Waking up continues to be one of the hardest things to do. Depression gently washing over me in waves, like lying on a shoreline.
I think of my path and the dead ends and failures after dead ends and failures, and that this is my karma that I'm living out and perpetuating, instead of definitively doing something about it. The two steps forward, three steps back.
I need to put suicide back into the equation. So many developments have taken it out of the equation, and something is missing without it. People don't matter. No one matters. If anyone mattered, where are they?
I need to focus on why I didn't enter the monastery, I need to focus on my aversions and attachments, the things I can't let go of. The things I'm not letting go of. They are key, they are what keep bringing me around again.
I need to stop glossing things over in blog.
I'm being consumed by anger, hate, negativity, and isolation. I'm wallowing. I'm constantly glossing things over. After this, I will go and get something to eat.
I'm in Taipei, where else would I want to be? Spiraling existence, useless existence. On the molecular level. On the quantum level. Why existence? Why exist?
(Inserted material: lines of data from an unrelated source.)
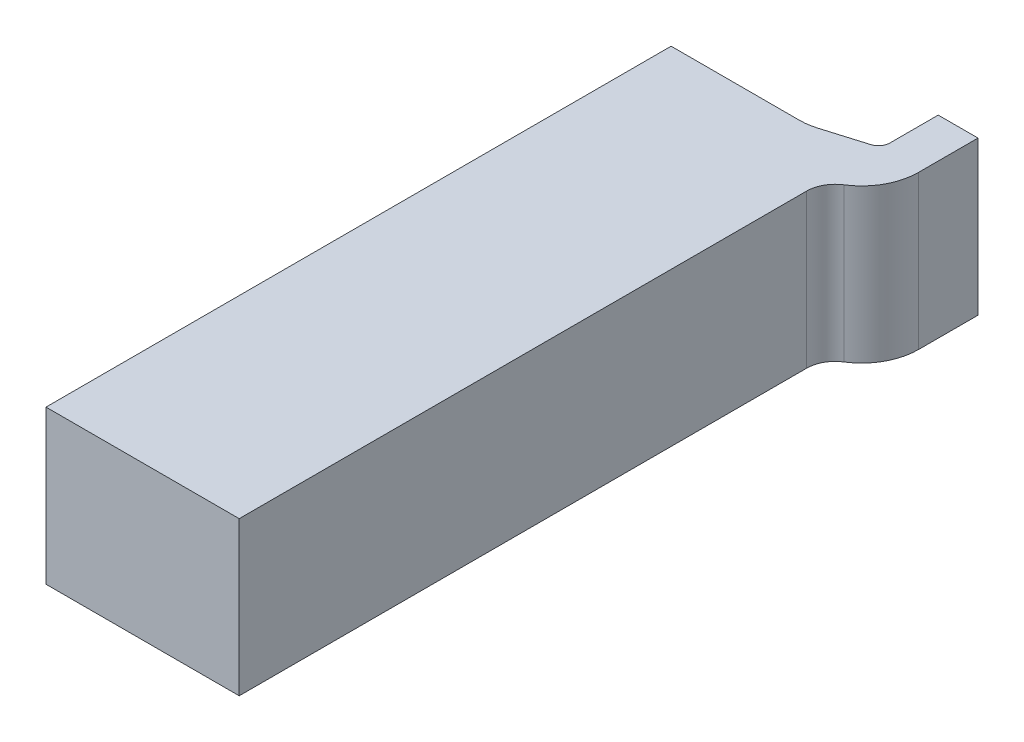
SolidWorks part; units mm, degrees
ref_plane "Спереди" through (0, 0, 0) normal (0, 0, 1) x (1, 0, 0)
ref_plane "Сверху" through (0, 0, 0) normal (0, 1, 0) x (1, 0, 0)
ref_plane "Справа" through (0, 0, 0) normal (1, 0, 0) x (0, 0, -1)
sketch "Эскиз1" plane through (0, 0, 0) normal (0, 1, 0) x (1, 0, 0)
  line L0 (0, 55) -> (0, -55) construction
  line L1 (-17, 55) -> (17, 55)
  line L2 (-17, 55) -> (-17, -55)
  line L3 (-17, -55) -> (17, -55)
  line L4 (17, 55) -> (17, -55)
  line L6 (-17, 0) -> (17, 0) construction
  point P6 (0, 0)
  dimension "D1" = 34
  dimension "D2" = 110
extrude "тело" add sketch "Эскиз1" along normal blind 13.5 and the other way blind 13.5
sketch "Эскиз2" plane through (17, 0, 0) normal (1, 0, 0) x (0, 0, -1)
  line L0 (-55, 13.5) -> (55, 13.5) construction
  line L1 (48, 13.5) -> (68, 13.5)
  line L2 (48, 13.5) -> (48, -13.5)
  line L3 (48, -13.5) -> (68, -13.5)
  line L4 (68, 13.5) -> (68, -13.5)
  line L5 (-55, -13.5) -> (55, -13.5) construction
  line L6 (55, -13.5) -> (55, 13.5) construction
  dimension "D1" = 7
  dimension "D2" = 13
extrude "выступ проводов" add sketch "Эскиз2" along normal blind 7
chamfer "Фаска1" distance 10 distance2 3 1 edges at (17, 0, -55) first distance on face at (0, 0, -55)
fillet "Скругление2" radius 10 2 edges at (7, 0, -55) (24, 0, -48)
fillet "Скругление3" radius 5 1 edges at (17, 0, -48)
fillet "Скругление4" radius 2 1 edges at (17, 0, -58)

FRIDAY, FEBRUARY 23, Rode down to revisit beyond Xindian MRT station where I had explored earlier this month. Roosevelt Rd. in Taipei turns into Beixin Rd. after crossing the Jingmei River into Xindian city. Beixin Rd. goes about three miles to the Xindian terminus station, and beyond that it turns into Beiyi Rd and quickly becomes less urban-choked. A short way later there's a right turn onto Xinwu Rd. which is what I did. "Xinwu" is a combination of Xindian and Wulai, where the road goes.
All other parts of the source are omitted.